Several months ago, a commenter asked if reading Marcel Proust had affected my writing, and I’ve been turning the question over in my mind ever since. I thought it would make an interesting subject for a book club entry, and I’ve started this one many times, but I haven’t been able to write anything. One reason is that I’ve been working on a novel, and that’s taking up a lot of my time. A second reason is that my attention (like everyone else’s) has been dragged this way and that by the news cycle. A third reason is that the final volume, Time Regained, is so intelligent, so truthful, and so piercing, that there doesn’t seem to be any point in writing about it. I have nothing to add, nothing to analyze. There is also something incredibly delicate about this last volume. The narrative seems to be crumbling in my hands. The characters are suddenly much older, World War I has arrived, and the voice of the author is, for the first time, a little rushed. You can tell Proust is dying, truly writing on deadline, and it’s as if the book’s most important theme, Time, is taking over.
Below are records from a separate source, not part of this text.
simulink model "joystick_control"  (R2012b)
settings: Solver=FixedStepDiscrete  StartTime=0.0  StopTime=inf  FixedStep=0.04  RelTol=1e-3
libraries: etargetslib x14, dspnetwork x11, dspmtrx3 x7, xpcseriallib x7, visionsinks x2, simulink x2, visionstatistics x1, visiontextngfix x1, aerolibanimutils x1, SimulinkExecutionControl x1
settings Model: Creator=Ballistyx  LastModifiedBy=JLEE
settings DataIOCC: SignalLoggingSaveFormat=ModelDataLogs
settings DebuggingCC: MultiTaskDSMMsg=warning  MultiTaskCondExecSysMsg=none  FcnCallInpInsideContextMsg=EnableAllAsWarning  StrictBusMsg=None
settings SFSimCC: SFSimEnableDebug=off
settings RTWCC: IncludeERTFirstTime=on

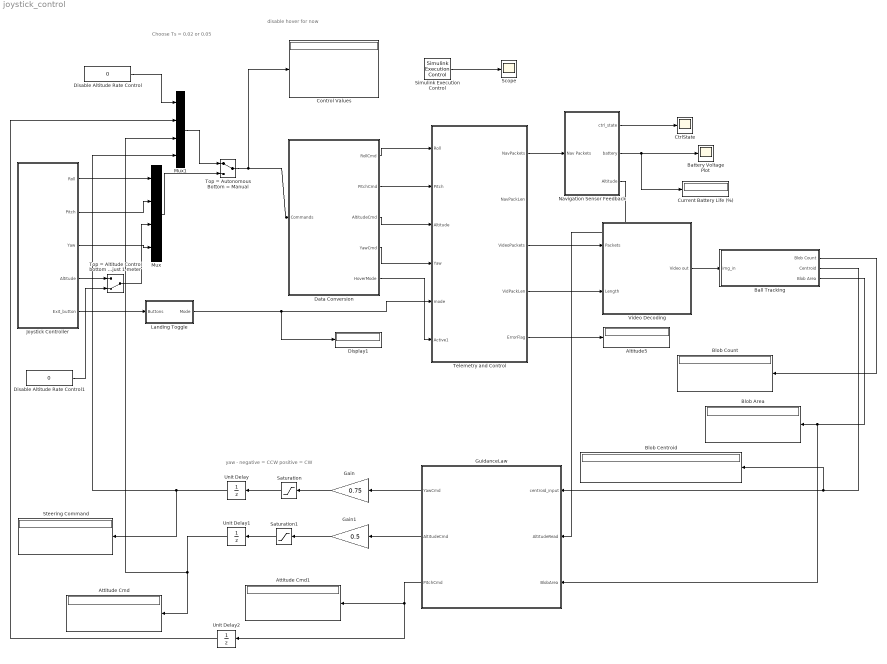
== system joystick_control ==
  note: Choose Ts = 0.02 or 0.05
  note: yaw - negative = CCW
      | positive = CW
  note: disable hover for now
  Altitude5 : Display
  Attitude Cmd : Display
  Attitude Cmd1 : Display
  Ball Tracking : Subsystem
  Battery Voltage Plot : Scope
  Blob Area : Display
  Blob Centroid : Display
  Blob Count : Display
  Control Values : Display
  CtrlState : Scope
      settings: YMin=124518  YMax=137626  SaveName=ScopeData2
  Current Battery Life (%) : Display
  Data Conversion : Subsystem
  Disable Altitude Rate Control : Constant  Value=0
  Disable Altitude Rate Control1 : Constant  Value=0
  Display1 : Display
  Gain : Gain  Gain=0.75
  Gain1 : Gain  Gain=0.5
  GuidanceLaw : Stateflow chart  TreatAsAtomicUnit=on
  Joystick Controller : Subsystem
  Landing Toggle : Subsystem
  Mux : Mux
  Mux1 : Mux
  Navigation Sensor Feedback : Subsystem
  Saturation : Saturate  UpperLimit=1  LowerLimit=-1
  Saturation1 : Saturate  UpperLimit=1  LowerLimit=-1
  Scope : Scope
  Simulink Execution Control : SimulinkExecutionControl/Simulink Execution Control  proc_pri=NORMAL_PRIORITY_CLASS  thread_pri=THREAD_PRIORITY_NORMAL  rt_sim=on  factor=1  ovrrun=Continue execution  Ts=-1
  Steering Command : Display
  Telemetry and Control : Stateflow chart  TreatAsAtomicUnit=on
  Top = Altitude Control bottom = Auto adjust 1-meter : ManualSwitch  CurrentSetting=0
  Top = Autonomous Bottom = Manual : ManualSwitch
  Unit Delay : UnitDelay  SampleTime=-1
  Unit Delay1 : UnitDelay  SampleTime=-1
  Unit Delay2 : UnitDelay  SampleTime=-1
  Video Decoding : Subsystem
  wires:
  Data Conversion/5(HoverMode) -> Telemetry and Control/6(Active1)
  Telemetry and Control/4(VidPackLen) -> Video Decoding/2(Length)
  Telemetry and Control/5(ErrorFlag) -> Altitude5/1
  Data Conversion/2(PitchCmd) -> Telemetry and Control/2(Pitch)
  Data Conversion/1(RollCmd) -> Telemetry and Control/1(Roll)
  Telemetry and Control/3(VideoPackets) -> Video Decoding/1(Packets)
  Simulink Execution Control/1 -> Scope/1
  Disable Altitude Rate Control/1 -> Mux1/1
  Landing Toggle/1(Mode) -> Telemetry and Control/5(mode), Display1/1
  Video Decoding/1(Video out) -> Ball Tracking/1(img_in)
  Ball Tracking/1(Blob Count) -> Blob Count/1
  Telemetry and Control/1(NavPackets) -> Navigation Sensor Feedback/1(Nav Packets)
  Ball Tracking/2(Centroid) -> GuidanceLaw/1(centroid_input), Blob Centroid/1
  Navigation Sensor Feedback/2(battery) -> Current Battery Life (%)/1, Battery Voltage Plot/1
  Navigation Sensor Feedback/1(ctrl_state) -> CtrlState/1
  GuidanceLaw/1(YawCmd) -> Gain/1
  Saturation/1 -> Unit Delay/1
  Unit Delay/1 -> Steering Command/1, Mux1/4
  Gain/1 -> Saturation/1
  Data Conversion/4(YawCmd) -> Telemetry and Control/4(Yaw)
  Data Conversion/3(AltitudeCmd) -> Telemetry and Control/3(Altitude)
  Joystick Controller/5(Exit_button) -> Landing Toggle/1(Buttons)
  Joystick Controller/1(Roll) -> Mux/1
  Joystick Controller/2(Pitch) -> Mux/2
  Joystick Controller/3(Yaw) -> Mux/4
  Mux1/1 -> Top = Autonomous Bottom = Manual/1
  Mux/1 -> Top = Autonomous Bottom = Manual/2
  Top = Autonomous Bottom = Manual/1 -> Data Conversion/1(Commands), Control Values/1
  Ball Tracking/3(Blob Area) -> GuidanceLaw/3(BlobArea), Blob Area/1
  Navigation Sensor Feedback/3(Altitude) -> GuidanceLaw/2(AltitudeRead)
  GuidanceLaw/2(AltitudeCmd) -> Gain1/1
  Gain1/1 -> Saturation1/1
  Unit Delay1/1 -> Mux1/3, Attitude Cmd/1
  Joystick Controller/4(Altitude) -> Top = Altitude Control bottom = Auto adjust 1-meter/1
  Top = Altitude Control bottom = Auto adjust 1-meter/1 -> Mux/3
  Disable Altitude Rate Control1/1 -> Top = Altitude Control bottom = Auto adjust 1-meter/2
  Saturation1/1 -> Unit Delay1/1
  GuidanceLaw/3(PitchCmd) -> Unit Delay2/1, Attitude Cmd1/1
  Unit Delay2/1 -> Mux1/2

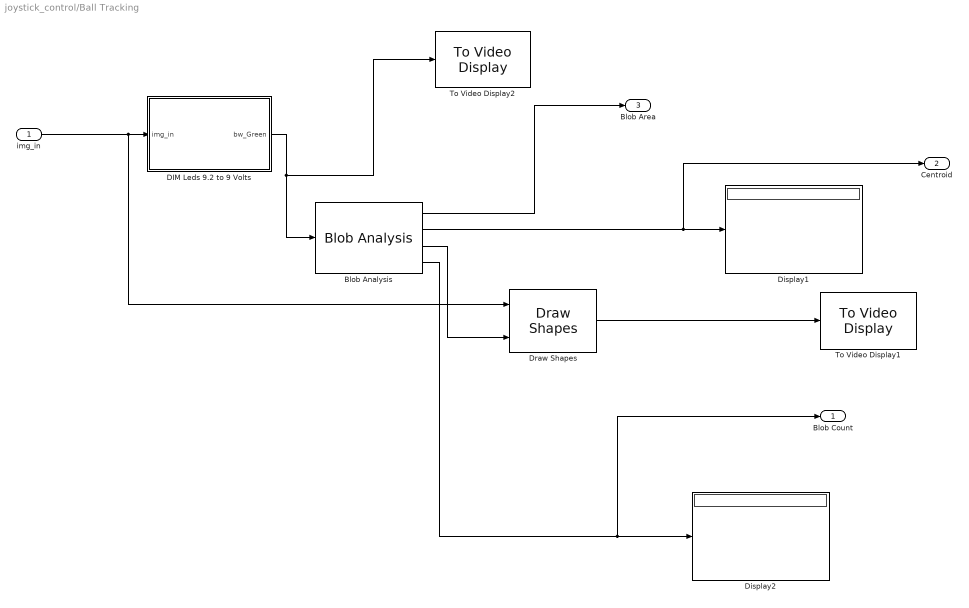
== system joystick_control/Ball Tracking ==
  img_in : Inport
  Blob Analysis : visionstatistics/Blob Analysis  Tag=vipblks_row_conv  area=on  centroid=on  bBox=on  majorAxis=off  minorAxis=off  angle=off  eccentricity=off  equivDiameterSq=off  extent=off  perimeter=off  maxBlobs=1  warnIfNumBlobsExceeded=off  isCount=on  useMinArea=on  minArea=30  useMaxArea=off  maxArea=intmax('uint32')  excludeBorderBlob=on  outDT=double  isOutVarDim=off  isFill=on  fillValues=-1  conn=8  isLabel=off  outputMode=Binary point scaling  outputWordLength=32  outputFracLength=16  firstCoeffMode=Binary point scaling  firstCoeffWordLength=16  firstCoeffFracLength=14  secondCoeffMode=Binary point scaling  secondCoeffWordLength=32  secondCoeffFracLength=16  accumMode=Binary point scaling  accumWordLength=32  accumFracLength=0  prodOutputMode=Binary point scaling  prodOutputWordLength=32  prodOutputFracLength=16  roundingMode=Floor  overflowMode=off
  DIM Leds 9.2 to 9 Volts : MATLAB Function  TreatAsAtomicUnit=on
  Display1 : Display
  Display2 : Display
  Draw Shapes : visiontextngfix/Draw Shapes  shape=Rectangles  fill=off  fillClrSource=Specify via dialog  display=White  intensity=200  color=[200 255 100]  opacity=0.6  viewport=Entire image  antialiasing=off  inType=Obsolete  imagePorts=One multidimensional signal  prodOutputMode=Binary point scaling  prodOutputWordLength=32  prodOutputFracLength=14  memoryMode=Specify word length  memoryWordLength=16  memoryFracLength=15  roundingMode=Floor  overflowMode=off
  To Video Display1 : visionsinks/To Video Display  inputType=Obsolete  imagePorts=One multidimensional signal  OutputDevice=On-screen video monitor  fullScreen=off  videoWindowX=-7  videoWindowY=-15  saveWindowSize=off  videoWindowWidth=1566  videoWindowHeight=1001  dataOrg=Column-major  openAtMdlStart=on  isWindowOpen=on  inputColorFormat=RGB
  To Video Display2 : visionsinks/To Video Display  inputType=Obsolete  imagePorts=One multidimensional signal  OutputDevice=On-screen video monitor  fullScreen=off  videoWindowX=420  videoWindowY=155  saveWindowSize=off  videoWindowWidth=320  videoWindowHeight=240  dataOrg=Column-major  openAtMdlStart=on  isWindowOpen=on  inputColorFormat=RGB
  Blob Count : Outport
  Centroid : Outport  Port=2
  Blob Area : Outport  Port=3
  wires:
  img_in/1 -> DIM Leds 9.2 to 9 Volts/1(img_in), Draw Shapes/1
  DIM Leds 9.2 to 9 Volts/1(bw_Green) -> Blob Analysis/1, To Video Display2/1
  Blob Analysis/3 -> Draw Shapes/2
  Draw Shapes/1 -> To Video Display1/1
  Blob Analysis/2 -> Display1/1, Centroid/1
  Blob Analysis/4 -> Display2/1, Blob Count/1
  Blob Analysis/1 -> Blob Area/1

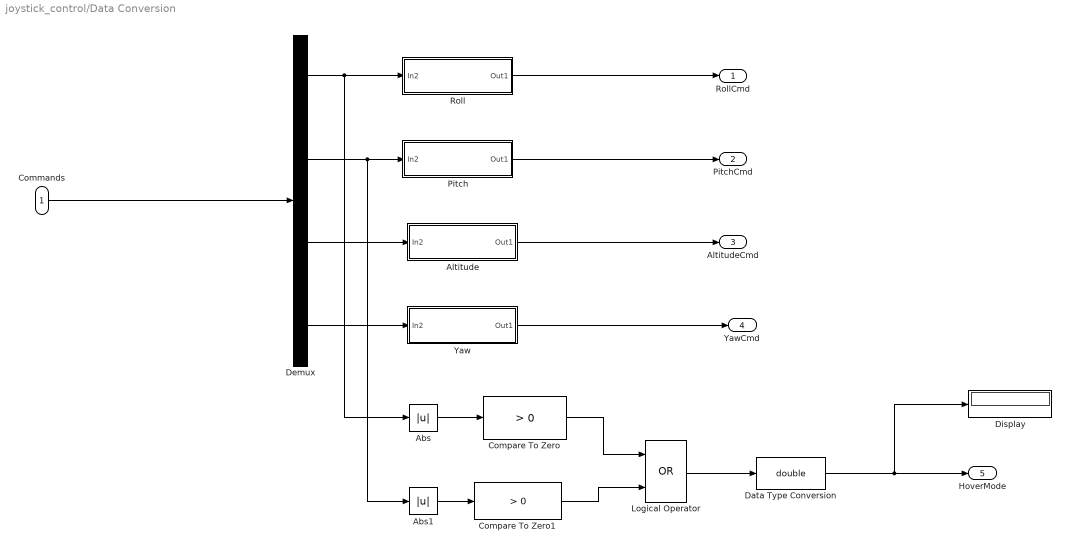
== system joystick_control/Data Conversion ==
  Commands : Inport
  Abs : Abs
  Abs1 : Abs
  Altitude : Subsystem
  Compare To Zero : simulink/Logic and Bit Operations/Compare To Zero  relop=>  OutDataTypeStr=uint8
  Compare To Zero1 : simulink/Logic and Bit Operations/Compare To Zero  relop=>  OutDataTypeStr=uint8
  Data Type Conversion : DataTypeConversion  OutDataTypeStr=double
  Demux : Demux
  Display : Display
  Logical Operator : Logic  Operator=OR  AllPortsSameDT=off  OutDataTypeStr=boolean
  Pitch : Subsystem
  Roll : Subsystem
  Yaw : Subsystem
  RollCmd : Outport
  PitchCmd : Outport  Port=2
  AltitudeCmd : Outport  Port=3
  YawCmd : Outport  Port=4
  HoverMode : Outport  Port=5
  wires:
  Demux/1 -> Roll/1(In2), Abs/1
  Demux/2 -> Pitch/1(In2), Abs1/1
  Demux/3 -> Altitude/1(In2)
  Demux/4 -> Yaw/1(In2)
  Commands/1 -> Demux/1
  Roll/1(Out1) -> RollCmd/1
  Pitch/1(Out1) -> PitchCmd/1
  Altitude/1(Out1) -> AltitudeCmd/1
  Yaw/1(Out1) -> YawCmd/1
  Compare To Zero/1 -> Logical Operator/1
  Compare To Zero1/1 -> Logical Operator/2
  Logical Operator/1 -> Data Type Conversion/1
  Data Type Conversion/1 -> HoverMode/1, Display/1
  Abs/1 -> Compare To Zero/1
  Abs1/1 -> Compare To Zero1/1

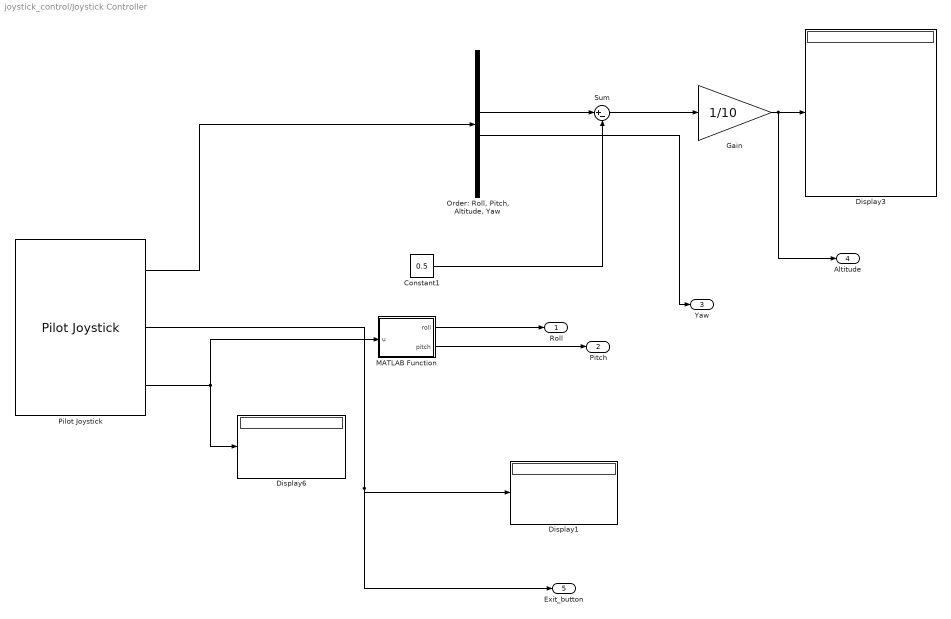
== system joystick_control/Joystick Controller ==
  Constant1 : Constant  Value=0.5
  Display1 : Display
  Display3 : Display
  Display6 : Display
  Gain : Gain  Gain=1/10
  MATLAB Function : MATLAB Function  TreatAsAtomicUnit=on
  "Order: Roll, Pitch, Altitude, Yaw" : Demux  Outputs=6
  Pilot Joystick : aerolibanimutils/Pilot Joystick  JoystickID=Joystick1  OutputConfiguration=AllOutputs  SampleTime=-1
  Sum : Sum  Inputs=|+-
  Roll : Outport
  Pitch : Outport  Port=2
  Yaw : Outport  Port=3
  Altitude : Outport  Port=4
  Exit_button : Outport  Port=5
  wires:
  Pilot Joystick/1 -> "Order: Roll, Pitch, Altitude, Yaw"/1
  Pilot Joystick/3 -> Display6/1, MATLAB Function/1(u)
  "Order: Roll, Pitch, Altitude, Yaw"/3 -> Sum/1
  Constant1/1 -> Sum/2
  Sum/1 -> Gain/1
  MATLAB Function/1(roll) -> Roll/1
  MATLAB Function/2(pitch) -> Pitch/1
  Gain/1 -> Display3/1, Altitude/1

(I have more to say on Proust’s treatment of death, but I don’t think I can write it until I’ve finished the book.)

coverWith 200-odd pages still left to go, it feels too early to reflect on how this past year of reading has affected my writing, in general. But I can speak to how Proust has aided me in my own fiction. In particular, reading In Search of Lost Time has helped me to refine my approach to characterization.

The novel I’m working on now is almost completely character driven, and the premise is simple: here are three women on the brink of three different life changes; let’s see how they fare over the next five years. When I started making notes for this book, a few years ago, I wasn’t sure what these three women would do or if I even had a book. (To be honest, sometimes I’m still not sure, but that’s a topic for another day.) Small plots have emerged, but most of my technical focus has been on characterization. I want to keep showing different aspects of each woman, while at the same time giving the reader a consistent sense of who each character is and how she will behave. To put it more simply, I want readers to feel as if they know these characters, in a real, complex way.

2.
My first — and now that I think about it — only formal lesson in characterization came from my 10th-grade creative writing teacher. He asked our class to come up with a list of ways that authors convey character without simply describing a person’s personal qualities, e.g. “kind,” “greedy,” “selfish,” “compassionate,” etc. First on the list were physical description, action, and dialogue. From there we moved to the environment that a character inhabits, and their social milieu: their family and friends; their clothing and possessions; their house, room, office, school, etc. Then we got into the more subtle aspects of physical presence: the sound of a voice, a manner of sitting or standing, particular movements or gestures. Finally, we considered a person’s inner, unseen qualities: their thoughts and beliefs, likes and dislikes, loves and hates, and their previous lived experiences, i.e. their “backstory.”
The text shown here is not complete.